The One Raises the Dead (And I Bet the Old Souls are Grateful)

I suspect this would be much less of a story without the wordplay and image building that it enables:

After Lesh, who had never publicly supported a presidential candidate, threw his lot in with Obama, he was anxious to do a benefit concert for him. But he was all but done with The [Grateful] Dead, so it was going to feature his other band, Phil and Friends.
“My son Brian said, ‘No Daddy, you’ve got to get The Dead together because it will be so much more meaningful and important,”’ the musician chuckled during a recent phone interview.
One benefit performance led to another and then an inaugural ball concert. Next thing they knew, Lesh, guitarist Bob Weir and drummers Mickey Hart and Bill Kreutzmann were back together.
“It came off so well that we thought we owe it to ourselves to play again,” Lesh said. “It brings out something in all of us, in our gestalt and our totality, that we can’t deliver, we can’t find anywhere else.”

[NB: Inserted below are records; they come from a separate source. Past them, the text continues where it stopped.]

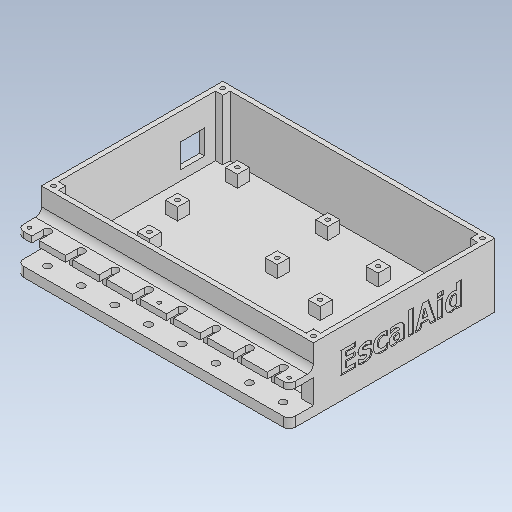
# Autodesk Inventor part: ebox
Saved by Autodesk Inventor 2025.2 (Build 292293000, 293)
## iProperties
Created: 2025-01-01
Part Number: ebox
Material: Generic
Document SubType Name: Modeling
Designer: email
Density: 1 g/cm^3
Appearance: Default
Author: email
Autodesk Inventor part; units mm, degrees
ref_plane "YZ Plane" through (0, 0, 0) normal (1, 0, 0) x (0, 1, 0)
ref_plane "XZ Plane" through (0, 0, 0) normal (0, 1, 0) x (-1, 0, 0)
sketch "Sketch1" plane through (0, 0, 0) normal (0, 1, 0) x (-1, 0, 0)
  line L0 (0, 0) -> (-225, 0)
  line L1 (-225, 0) -> (-225, -150)
  line L2 (-225, -150) -> (0, -150)
  line L3 (0, -150) -> (0, 0)
  line L4 (-12.5, -136.845) -> (-114.1, -136.845)
  line L5 (-114.1, -136.845) -> (-114.1, -83.505)
  line L6 (-114.1, -83.505) -> (-12.5, -83.505)
  line L7 (-12.5, -83.505) -> (-12.5, -136.845)
  line L8 (-4, -4) -> (-221, -4)
  line L9 (-221, -4) -> (-221, -146)
  line L10 (-221, -146) -> (-4, -146)
  line L11 (-4, -146) -> (-4, -4)
  line L12 (-153.3391, -125.2346) -> (-208.3391, -125.2346)
  line L13 (-208.3391, -125.2346) -> (-208.3391, -70.2346)
  line L14 (-208.3391, -70.2346) -> (-153.3391, -70.2346)
  line L15 (-153.3391, -70.2346) -> (-153.3391, -125.2346)
  line L16 (-12.6469, -54.1694) -> (-42.6469, -54.1694)
  line L17 (-42.6469, -54.1694) -> (-42.6469, -34.1694)
  line L18 (-42.6469, -34.1694) -> (-12.6469, -34.1694)
  line L19 (-12.6469, -34.1694) -> (-12.6469, -54.1694)
  line L20 (-15.41, -128.945) -> (-4, -128.945)
  line L21 (-4, -128.945) -> (-4, -117.045)
  line L22 (-4, -117.045) -> (-15.41, -117.045)
  line L23 (-15.41, -117.045) -> (-15.41, -128.945)
  circle A0 centre (-27.74, -134.305) radius 1.75
  circle A1 centre (-26.47, -86.045) radius 1.75
  circle A2 centre (-102.67, -134.305) radius 1.75
  circle A3 centre (-109.02, -86.045) radius 1.75
  circle A4 centre (-156.8391, -121.7346) radius 1.75
  circle A5 centre (-204.8391, -121.7346) radius 1.75
  circle A6 centre (-156.8391, -73.7346) radius 1.75
  circle A7 centre (-204.8391, -73.7346) radius 1.75
  circle A8 centre (-37.5669, -51.6294) radius 1.75
  circle A9 centre (-37.5669, -36.7094) radius 1.75
  line L24 (-22.74, -139.305) -> (-32.74, -139.305)
  line L25 (-32.74, -139.305) -> (-32.74, -129.305)
  line L26 (-32.74, -129.305) -> (-22.74, -129.305)
  line L27 (-22.74, -129.305) -> (-22.74, -139.305)
  line L28 (-22.74, -139.305) -> (-32.74, -129.305) construction
  line L29 (-32.74, -139.305) -> (-22.74, -129.305) construction
  line L30 (-21.47, -81.045) -> (-31.47, -81.045)
  line L31 (-31.47, -81.045) -> (-31.47, -91.045)
  line L32 (-31.47, -91.045) -> (-21.47, -91.045)
  line L33 (-21.47, -91.045) -> (-21.47, -81.045)
  line L34 (-21.47, -81.045) -> (-31.47, -91.045) construction
  line L35 (-31.47, -81.045) -> (-21.47, -91.045) construction
  line L36 (-114.02, -81.045) -> (-104.02, -81.045)
  line L37 (-104.02, -81.045) -> (-104.02, -91.045)
  line L38 (-104.02, -91.045) -> (-114.02, -91.045)
  line L39 (-114.02, -91.045) -> (-114.02, -81.045)
  line L40 (-114.02, -81.045) -> (-104.02, -91.045) construction
  line L41 (-104.02, -81.045) -> (-114.02, -91.045) construction
  line L42 (-107.67, -139.305) -> (-97.67, -139.305)
  line L43 (-97.67, -139.305) -> (-97.67, -129.305)
  line L44 (-97.67, -129.305) -> (-107.67, -129.305)
  line L45 (-107.67, -129.305) -> (-107.67, -139.305)
  line L46 (-107.67, -139.305) -> (-97.67, -129.305) construction
  line L47 (-97.67, -139.305) -> (-107.67, -129.305) construction
  line L48 (-151.8391, -126.7346) -> (-161.8391, -126.7346)
  line L49 (-161.8391, -126.7346) -> (-161.8391, -116.7346)
  line L50 (-161.8391, -116.7346) -> (-151.8391, -116.7346)
  line L51 (-151.8391, -116.7346) -> (-151.8391, -126.7346)
  line L52 (-151.8391, -126.7346) -> (-161.8391, -116.7346) construction
  line L53 (-161.8391, -126.7346) -> (-151.8391, -116.7346) construction
  line L54 (-209.8391, -126.7346) -> (-199.8391, -126.7346)
  line L55 (-199.8391, -126.7346) -> (-199.8391, -116.7346)
  line L56 (-199.8391, -116.7346) -> (-209.8391, -116.7346)
  line L57 (-209.8391, -116.7346) -> (-209.8391, -126.7346)
  line L58 (-209.8391, -126.7346) -> (-199.8391, -116.7346) construction
  line L59 (-199.8391, -126.7346) -> (-209.8391, -116.7346) construction
  line L60 (-209.8391, -68.7346) -> (-199.8391, -68.7346)
  line L61 (-199.8391, -68.7346) -> (-199.8391, -78.7346)
  line L62 (-199.8391, -78.7346) -> (-209.8391, -78.7346)
  line L63 (-209.8391, -78.7346) -> (-209.8391, -68.7346)
  line L64 (-209.8391, -68.7346) -> (-199.8391, -78.7346) construction
  line L65 (-199.8391, -68.7346) -> (-209.8391, -78.7346) construction
  line L66 (-161.8391, -68.7346) -> (-151.8391, -68.7346)
  line L67 (-151.8391, -68.7346) -> (-151.8391, -78.7346)
  line L68 (-151.8391, -78.7346) -> (-161.8391, -78.7346)
  line L69 (-161.8391, -78.7346) -> (-161.8391, -68.7346)
  line L70 (-161.8391, -68.7346) -> (-151.8391, -78.7346) construction
  line L71 (-151.8391, -68.7346) -> (-161.8391, -78.7346) construction
  line L72 (-42.5669, -46.6294) -> (-32.5669, -46.6294)
  line L73 (-32.5669, -46.6294) -> (-32.5669, -56.6294)
  line L74 (-32.5669, -56.6294) -> (-42.5669, -56.6294)
  line L75 (-42.5669, -56.6294) -> (-42.5669, -46.6294)
  line L76 (-42.5669, -46.6294) -> (-32.5669, -56.6294) construction
  line L77 (-32.5669, -46.6294) -> (-42.5669, -56.6294) construction
  line L78 (-32.5669, -41.7094) -> (-42.5669, -41.7094)
  line L79 (-42.5669, -41.7094) -> (-42.5669, -31.7094)
  line L80 (-42.5669, -31.7094) -> (-32.5669, -31.7094)
  line L81 (-32.5669, -31.7094) -> (-32.5669, -41.7094)
  line L82 (-32.5669, -41.7094) -> (-42.5669, -31.7094) construction
  line L83 (-42.5669, -41.7094) -> (-32.5669, -31.7094) construction
  line L84 (0, -4) -> (-225, -4)
  line L85 (-225, -4) -> (-225, 20)
  line L86 (-225, 20) -> (0, 20)
  line L87 (0, 20) -> (0, -4)
  circle A10 centre (-15, 10) radius 2.95
  circle A11 centre (-42.85, 10) radius 2.95
  circle A12 centre (-70.7, 10) radius 2.95
  circle A13 centre (-98.55, 10) radius 2.95
  circle A14 centre (-126.4, 10) radius 2.95
  circle A15 centre (-154.25, 10) radius 2.95
  circle A16 centre (-182.1, 10) radius 2.95
  circle A17 centre (-209.95, 10) radius 2.95
  point P0 (-156.8391, -73.7346)
  point P1 (-225, 8)
  dimension "d0" = 225
  dimension "d1" = 150
  dimension "d2" = 101.6
  dimension "d3" = 53.34
  dimension "d5" = 4
  dimension "d6" = 217
  dimension "d7" = 142
  dimension "d8" = 4
  dimension "d9" = 8.5
  dimension "d10" = 55
  dimension "d11" = 55
  dimension "d12" = 30
  dimension "d13" = 20
  dimension "d14" = 7.9
  dimension "d15" = 8.5
  dimension "d16" = 11.9
  dimension "d17" = 2.54
  dimension "d18" = 3.5
  dimension "d19" = 15.24
  dimension "d20" = 3.5
  dimension "d21" = 3.5
  dimension "d22" = 3.5
  dimension "d23" = 2.54
  dimension "d24" = 13.97
  dimension "d26" = 2.54
  dimension "d27" = 90.17
  dimension "d28" = 2.54
  dimension "d29" = 96.52
  dimension "d30" = 3.5
  dimension "d31" = 3.5
  dimension "d32" = 3.5
  dimension "d33" = 3.5
  dimension "d34" = 3.5
  dimension "d35" = 3.5
  dimension "d36" = 3.5
  dimension "d38" = 3.5
  dimension "d39" = 3.5
  dimension "d40" = 3.5
  dimension "d41" = 3.5
  dimension "d42" = 3.5
  dimension "d43" = 3.5
  dimension "d44" = 2.54
  dimension "d45" = 5.08
  dimension "d46" = 5.08
  dimension "d47" = 2.54
  dimension "d54" = 10
  dimension "d55" = 10
  dimension "d56" = 10
  dimension "d57" = 10
  dimension "d58" = 10
  dimension "d59" = 10
  dimension "d60" = 10
  dimension "d61" = 10
  dimension "d65" = 10
  dimension "d66" = 10
  dimension "d67" = 10
  dimension "d68" = 10
  dimension "d69" = 10
  dimension "d70" = 10
  dimension "d71" = 10
  dimension "d72" = 10
  dimension "d73" = 10
  dimension "d74" = 10
  dimension "d75" = 10
  constraints: 176 end point, 34 parallel, 22 midpoint, 18 centre point, 18 horizontal, 17 perpendicular, 2 point on line, 14 other
  measures "d0" distance of L1.end L2.end
  measures "d1" distance of L0.end L1.end
  measures "d2" distance of L4.start L4.end
  measures "d3" distance of L4.end L5.end
  measures "d5" distance between parallel lines of L0 L8
  measures "d6" distance of L9.end L10.end
  measures "d7" distance of L8.end L9.end
  measures "d8" distance between parallel lines of L3 L11
  measures "d9" distance between parallel lines of L11 L7
  measures "d10" distance of L12.end L13.end
  measures "d11" distance of L13.end L14.end
  measures "d12" distance of L16.start L16.end
  measures "d13" distance of L16.end L17.end
  measures "d14" distance between parallel lines of L4 L20
  measures "d15" distance between parallel lines of L7 L21
  measures "d16" distance of L22.end L20.start
  measures "d17" distance from line of L4 A0.centre
  measures "d18" diameter of A0
  measures "d19" distance from line of L7 A0.centre
  measures "d20" diameter of A1
  measures "d21" diameter of A3
  measures "d22" diameter of A2
  measures "d23" distance from line of L6 A1.centre
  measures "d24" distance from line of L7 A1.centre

In real terms, what happened, here? A charismatic candidate stirred up a cultural happening that led a handful of aging hippies who’d had nothing significant to do since the death of their lead guy to jamb together. They found that they preferred the life to which they’d grown accustomed, and they’ve picked it up again, at least for a short-term basis. Process that through two products of pop culture myth-making, and you reinforce both.